I actually bought a harness, I had nightmares about Kaos slipping out of a collar at the airport!!



Jag said:


> Any idea what size of crate is generally used? Do the papers come with the pup or are they mailed?


I requested she be shipped in a larger crate so I could just use it as a crate for my car, I tacked that cost onto the other when I sent Lee the final check


----------



## HEINOLFGSD (May 9, 2011)

You should probably just send the breeder an email and ask. They will tell you how they do things. It shouldn't hurt to do this and I know I wouldn't be annoyed if a puppy buyer was emailing me asking about the puppies or about shipping.
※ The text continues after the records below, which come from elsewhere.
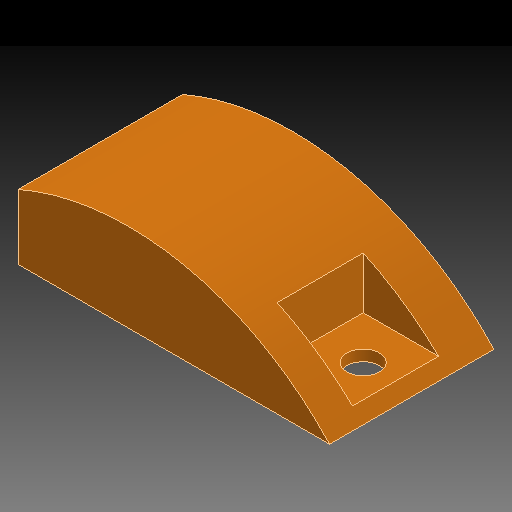
# Autodesk Inventor part: KB33-046-002-006 - Заглушка
Saved by Autodesk Inventor 2020 (Build 240168000, 168)
## iProperties
Created: 2021-07-29
Part Number: KB33-046-002-006 - Заглушка
Material: Типовые
Document SubType Name: Modeling
Designer: Петров Иван
Mass: 2.49199 g
Surface Area: 13.8961 cm^2
Volume: 2.49199 cm^3
Density: 1 g/cm^3
Appearance: Оранжевый
Author: Петров Иван
Autodesk Inventor part; units mm, degrees
ref_plane "YZ Plane" through (0, 0, 0) normal (1, 0, 0) x (0, 1, 0)
ref_plane "XZ Plane" through (0, 0, 0) normal (0, 1, 0) x (-1, 0, 0)
sketch "Эскиз1" plane through (0, 0, 0) normal (0, 0, 1) x (1, 0, 0)
  arc A0 (28.4298, -5.9319) -> (0, 0) centre (10.0583, -22.8873) ccw
  line L0 (0, -5.9315) -> (0, 0)
  line L1 (23.9975, -5.9315) -> (0, -5.9315)
  line L2 (23.9975, -5.9315) -> (23.998, -5.9315)
  line L3 (23.998, -5.9319) -> (23.998, -5.9315)
  line L4 (23.998, -5.9319) -> (28.4298, -5.9319)
  point P0 (0, 0)
  point P1 (-10.0583, 22.8873)
  constraints: 10 end point, 2 point on circle, 1 centre point, 1 horizontal
extrude "Выдавливание1" add sketch "Эскиз1" along normal blind 15
ref_plane "РабПлоскость1" through (10.0583, 2.1127, 0) normal (0, -1, 0) x (1, 0, 0)
sketch "Эскиз2" plane through (10.0583, 2.1127, 0) normal (0, -1, 0) x (1, 0, 0)
  circle A0 centre (14.4417, 8) radius 1.5 projected
  line L0 (18.3715, 0) -> (18.3715, 15) projected
  line L1 (10.5118, 11.93) -> (18.3715, 11.93)
  line L2 (18.3715, 11.93) -> (18.3715, 4.07)
  line L3 (18.3715, 4.07) -> (10.5118, 4.07)
  line L4 (10.5118, 4.07) -> (10.5118, 11.93)
  line L5 (10.5118, 11.93) -> (18.3715, 4.07) construction
  line L6 (18.3715, 11.93) -> (10.5118, 4.07) construction
  point P0 (-10.0583, 0)
  dimension "d2" = 7.86
  constraints: 12 end point, 2 midpoint, 2 parallel, 1 horizontal, 1 perpendicular, 1 point on line
  measures "d2" distance of L1.end L2.end
extrude "Выдавливание2" cut sketch "Эскиз2" along normal blind 10.2942 contours A0
sketch "Эскиз3" plane through (10.0583, 2.1127, 0) normal (0, -1, 0) x (1, 0, 0)
  circle A0 centre (14.4417, 8) radius 1.5
  line L0 (18.3715, 0) -> (18.3715, 15)
  line L1 (10.5118, 11.93) -> (18.3715, 11.93)
  line L2 (18.3715, 11.93) -> (18.3715, 4.07)
  line L3 (18.3715, 4.07) -> (10.5118, 4.07)
  line L4 (10.5118, 4.07) -> (10.5118, 11.93)
  line L5 (10.5118, 11.93) -> (18.3715, 4.07) construction
  line L6 (18.3715, 11.93) -> (10.5118, 4.07) construction
  point P0 (-10.0583, 0)
  point P1 (-10.0583, 0)
  dimension "d5" = 7.86
  constraints: 14 end point, 2 midpoint, 2 parallel, 1 centre point, 1 horizontal, 1 perpendicular, 1 point on line
  measures "d5" distance of L1.end L2.end
extrude "Выдавливание3" cut sketch "Эскиз3" along normal blind 7.0442
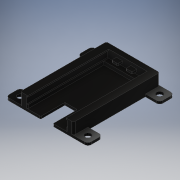
# Autodesk Inventor part: ESP32 Holder Redesign
Saved by Autodesk Inventor 2019 (Build 230136000, 136)
## iProperties
Created: 2020-01-22
Part Number: ESP32 Holder Redesign
Material: ABS Plastic
Document SubType Name: Modeling
Designer: prana
Density: 1.06 g/cm^3
Appearance: Smooth - White
Author: prana
Autodesk Inventor part; units mm, degrees
ref_plane "YZ Plane" through (0, 0, 0) normal (1, 0, 0) x (0, 1, 0)
ref_plane "XZ Plane" through (0, 0, 0) normal (0, 1, 0) x (-1, 0, 0)
ref_plane "XY Plane" through (0, 0, 0) normal (0, 0, 1) x (1, 0, 0)
sketch "Sketch1" plane through (0, 0, 0) normal (0, 1, 0) x (-1, 0, 0)
  line L0 (0, 0) -> (0, 8.89)
  line L1 (0, 8.89) -> (-8.89, 8.89)
  line L2 (-8.89, 8.89) -> (-8.89, 0)
  line L3 (-8.89, 0) -> (-44.485, 0)
  line L4 (-44.485, 0) -> (-44.485, 8.89)
  line L5 (-44.485, 8.89) -> (-53.375, 8.89)
  line L6 (-53.375, 8.89) -> (-53.375, 0)
  line L7 (-53.375, 0) -> (-53.375, -41.91)
  line L8 (-53.375, -41.91) -> (-44.485, -41.91)
  line L9 (-44.485, -41.91) -> (-44.485, -33.02)
  line L10 (-44.485, -33.02) -> (-8.89, -33.02)
  line L11 (-8.89, -33.02) -> (-8.89, -41.91)
  line L12 (-8.89, -41.91) -> (0, -41.91)
  line L13 (0, -41.91) -> (0, 0)
  circle A0 centre (-4.445, 4.445) radius 1.905
  circle A1 centre (-48.93, 4.445) radius 1.905
  circle A2 centre (-48.93, -37.465) radius 1.905
  circle A3 centre (-4.445, -37.465) radius 1.905
  dimension "d0" = 8.89
  dimension "d1" = 8.89
  dimension "d2" = 35.595
  dimension "d3" = 8.89
  dimension "d4" = 8.89
  dimension "d5" = 41.91
  dimension "d6" = 8.89
  dimension "d7" = 8.89
  dimension "d8" = 3.81
  dimension "d9" = 4.445
  dimension "d10" = 4.445
  dimension "d11" = 3.81
  dimension "d12" = 4.445
  dimension "d13" = 4.445
  dimension "d14" = 3.81
  dimension "d15" = 4.445
  dimension "d16" = 4.445
  dimension "d17" = 3.81
  dimension "d18" = 4.445
  dimension "d19" = 4.445
  constraints: 28 end point, 9 perpendicular, 4 centre point, 3 point on line, 2 vertical, 1 collinear, 1 horizontal
  measures "d0" distance of L0.start L0.end
  measures "d1" distance of L0.end L1.end
  measures "d2" distance of L2.end L3.end
  measures "d3" distance of L3.end L4.end
  measures "d4" distance of L4.end L5.end
  measures "d5" distance of L6.end L7.end
  measures "d6" distance of L7.end L8.end
  measures "d7" distance of L8.end L9.end
  measures "d8" diameter of A0
  measures "d9" distance from line of L2 A0.centre
  measures "d10" distance from line of L1 A0.centre
  measures "d11" diameter of A1
  measures "d12" distance from line of L6 A1.centre
  measures "d13" distance from line of A1.centre L5
  measures "d14" diameter of A2
  measures "d15" distance from line of A2.centre L9
  measures "d16" distance from line of L8 A2.centre
  measures "d17" diameter of A3
  measures "d18" distance from line of L13 A3.centre
  measures "d19" distance from line of L12 A3.centre
extrude "Base" add sketch "Sketch1" along normal blind 1.5
fillet "Fillet1" radius 2 8 edges at (53.375, 0.75, -41.91) (44.485, 0.75, -41.91) (53.375, 0.75, 8.89) (44.485, 0.75, 8.89) (8.89, 0.75, -41.91) (0, 0.75, -41.91) (8.89, 0.75, 8.89) (0, 0.75, 8.89)
sketch "Sketch2" plane through (0, 1.5, 0) normal (0, 1, 0) x (1, 0, 0)
  point P0 (0, 0)
sketch "Sketch3" plane through (0, 1.5, 0) normal (0, 1, 0) x (1, 0, 0)
  line L0 (53.375, -6.89) -> (53.375, 39.91) projected
  line L1 (53.375, 0) -> (0, 0)
  line L2 (0, 0) -> (0, 33.02)
  line L3 (44.485, 33.02) -> (8.89, 33.02) projected
  line L4 (0, 33.02) -> (44.485, 33.02)
  line L5 (44.485, 33.02) -> (53.375, 33.02)
  line L6 (53.375, 33.02) -> (53.375, 28.445)
  line L7 (53.375, 28.445) -> (3.175, 28.445)
  line L8 (3.175, 28.445) -> (3.175, 4.575)
  line L9 (3.175, 4.575) -> (53.375, 4.575)
  dimension "d23" = 4.575
  dimension "d24" = 3.175
  dimension "d25" = 4.575
  constraints: 16 end point, 5 point on line, 4 perpendicular, 2 horizontal
  measures "d23" distance of L5.end L6.end
  measures "d24" distance between parallel lines of L2 L8
  measures "d25" distance between parallel lines of L1 L9
extrude "bottom" add sketch "Sketch3" along normal blind 2.16 contours L1 L2 L4 L3 L5 L0 L7 L8 L9
sketch "Sketch4" plane through (0, 3.66, 0) normal (0, 1, 0) x (1, 0, 0)
  line L0 (53.375, 0) -> (53.375, 4.575) projected
  line L1 (53.375, 0) -> (0, 0)
  line L2 (53.375, 33.02) -> (0, 33.02) projected
  line L3 (0, 0) -> (0, 33.02)
  line L4 (0, 33.02) -> (53.375, 33.02)
  line L5 (53.375, 28.445) -> (53.375, 33.02) projected
  line L6 (53.375, 33.02) -> (53.375, 29.21)
  line L7 (53.375, 29.21) -> (3.175, 29.21)
  line L8 (3.175, 29.21) -> (3.175, 3.81)
  line L9 (3.175, 3.81) -> (53.375, 3.81)
  dimension "d28" = 3.81
  dimension "d29" = 3.81
  dimension "d30" = 3.175
  constraints: 14 end point, 4 perpendicular, 2 point on line, 1 collinear, 1 horizontal
  measures "d28" distance of L2.start L6.end
  measures "d29" distance between parallel lines of L9 L1
  measures "d30" distance between parallel lines of L3 L8
extrude "Extrusion3" add sketch "Sketch4" along normal blind 4.15
sketch "Sketch5" plane through (0, 7.81, 0) normal (0, 1, 0) x (1, 0, 0)
  line L0 (53.375, 0) -> (44.485, 0) projected
  line L1 (53.375, 0) -> (0, 0)
  line L2 (0, 39.91) -> (0, -6.89) projected
  line L3 (0, 33.02) -> (8.89, 33.02) projected
  line L4 (0, 33.02) -> (53.375, 33.02)
  line L5 (53.375, -6.89) -> (53.375, 39.91) projected
  line L6 (44.485, 33.02) -> (53.375, 33.02) projected
  line L7 (53.375, 33.02) -> (53.375, 28.41)
  line L8 (53.375, 4.575) -> (53.375, 28.445) projected
  line L9 (53.375, 28.41) -> (3.175, 28.41)
  line L10 (3.175, 28.445) -> (3.175, 4.575) projected
  line L11 (3.175, 28.41) -> (3.175, 4.61)
  line L12 (3.175, 4.61) -> (53.375, 4.61)
  line L13 (53.375, 3.81) -> (3.175, 3.81) projected
  line L14 (3.175, 29.21) -> (53.375, 29.21) projected
  dimension "d33" = 0.8
  dimension "d34" = 0.8
  constraints: 12 end point, 5 point on line, 2 perpendicular, 1 horizontal, 1 parallel
  measures "d33" distance between parallel lines of L13 L12
  measures "d34" distance between parallel lines of L14 L9
extrude "Extrusion4" add sketch "Sketch5" along normal blind 0.75 contours L0 L1 L2 L3 L4 L5 L9 L10 L12
sketch "Sketch6" plane through (0, 1.5, 0) normal (0, 1, 0) x (1, 0, 0)
  line L0 (53.375, 4.575) -> (53.375, 28.445) projected
  line L1 (53.375, 12.6) -> (38.375, 12.6)
  line L2 (38.375, 12.6) -> (38.375, 20.35)
  line L3 (38.375, 20.35) -> (53.375, 20.35)
  line L4 (53.375, 20.35) -> (53.375, 12.6)
  line L5 (3.175, 4.575) -> (53.375, 4.575) projected
  point P0 (0, 0)
  dimension "d37" = 7.75
  dimension "d38" = 8.025
  dimension "d39" = 15
  constraints: 8 end point, 2 parallel, 1 horizontal, 1 perpendicular, 1 point on line
  measures "d37" distance between parallel lines of L3 L1
  measures "d38" distance between parallel lines of L1 L5
  measures "d39" distance between parallel lines of L0 L2
extrude "Extrusion5" cut sketch "Sketch6" against normal blind 2
sketch "Sketch7" plane through (53.375, 1.5, -4.575) normal (0, 0, -1) x (-1, 0, 0)
  line L0 (50.2, 0) -> (0, 0) projected
  line L1 (50.2, 0) -> (47.2, 0)
  line L2 (47.2, 0) -> (47.2, 2.1371)
  line L3 (47.2, 2.1371) -> (50.2, 2.1371)
  line L4 (50.2, 2.1371) -> (50.2, 0)
  point P0 (53.375, -1.5)
  dimension "d42" = 3
  constraints: 8 end point, 2 parallel, 1 horizontal, 1 perpendicular
  measures "d42" distance between parallel lines of L2 L4
extrude "Extrusion6" add sketch "Sketch7" along normal up to next
sketch "Sketch8" plane through (3.175, 3.66, -28.445) normal (1, 0, 0) x (0, 0, -1)
  line L0 (-19.047, 2.8771) -> (-15.237, 2.8771)
  line L1 (-15.237, 2.8771) -> (-15.237, 1.6271)
  line L2 (-15.237, 1.6271) -> (-19.047, 1.6271)
  line L3 (-19.047, 1.6271) -> (-19.047, 2.8771)
  line L4 (-10.157, 2.8771) -> (-6.347, 2.8771)
  line L5 (-6.347, 2.8771) -> (-6.347, 1.6271)
  line L6 (-6.347, 1.6271) -> (-10.157, 1.6271)
  line L7 (-10.157, 1.6271) -> (-10.157, 2.8771)
  line L8 (-23.87, -0.0229) -> (0, -0.0229) projected
  line L9 (-24.635, 0) -> (-24.635, 4.15) projected
  point P0 (-28.445, -3.66)
  dimension "d45" = 1.65
  dimension "d46" = 1.65
  dimension "d47" = 5.08
  dimension "d48" = 3.81
  dimension "d49" = 3.81
  dimension "d50" = 1.25
  dimension "d51" = 1.25
  dimension "d52" = 5.588
  constraints: 16 end point, 4 parallel, 2 horizontal, 2 perpendicular
  measures "d45" distance between parallel lines of L8 L2
  measures "d46" distance between parallel lines of L8 L6
  measures "d47" distance between parallel lines of L7 L1
  measures "d48" distance between parallel lines of L5 L7
  measures "d49" distance between parallel lines of L3 L1
  measures "d50" distance between parallel lines of L6 L4
  measures "d51" distance between parallel lines of L2 L0
  measures "d52" distance between parallel lines of L9 L3
extrude "Extrusion7" add sketch "Sketch8" along normal up to surface (3 mm away)
fillet "Fillet2" radius 0.5 4 edges at (6.175, 5.9121, -13.208) (6.175, 5.9121, -9.398) (6.175, 5.9121, -18.288) (6.175, 5.9121, -22.098)
fillet "Fillet3" radius 0.5 4 edges at (38.375, 0.75, -12.6) (38.375, 0.75, -20.35) (53.375, 0.75, -12.6) (53.375, 0.75, -20.35)
fillet "Fillet4" radius 0.5 2 edges at (53.375, 2.58, -4.575) (53.375, 2.58, -28.445)
fillet "Fillet5" radius 1 4 edges at (53.375, 5.03, 0) (53.375, 5.03, -33.02) (0, 5.03, 0) (0, 5.03, -33.02)
equation "\"d53\" = d48"
body "Solid1"

But, when I shipped a puppy last year I did not ship him with a collar. I told his new owners to bring a puppy collar, leash, etc with them when they picked him up. He was shipped with a little food/water dish that clips on the front of the door. It didn't have any food it in, it did however have some water in it. It was in a cooler until we got to the airport then I clipped it onto the door. We also taped a bag of food on the top of the taxi (airline said we had to). We used a Petmate Taxi (not sure it's exact name now) but we got it at Petco. It, I believe, cost around $90 or so. I didn't send his folder with him, I sent it through the mail to them. The pup I shipped was shipped with Delta from Springfield, MO to Atlanta, GA then to Philadephia, PA. I didn't have any problems and everyone was happy.


----------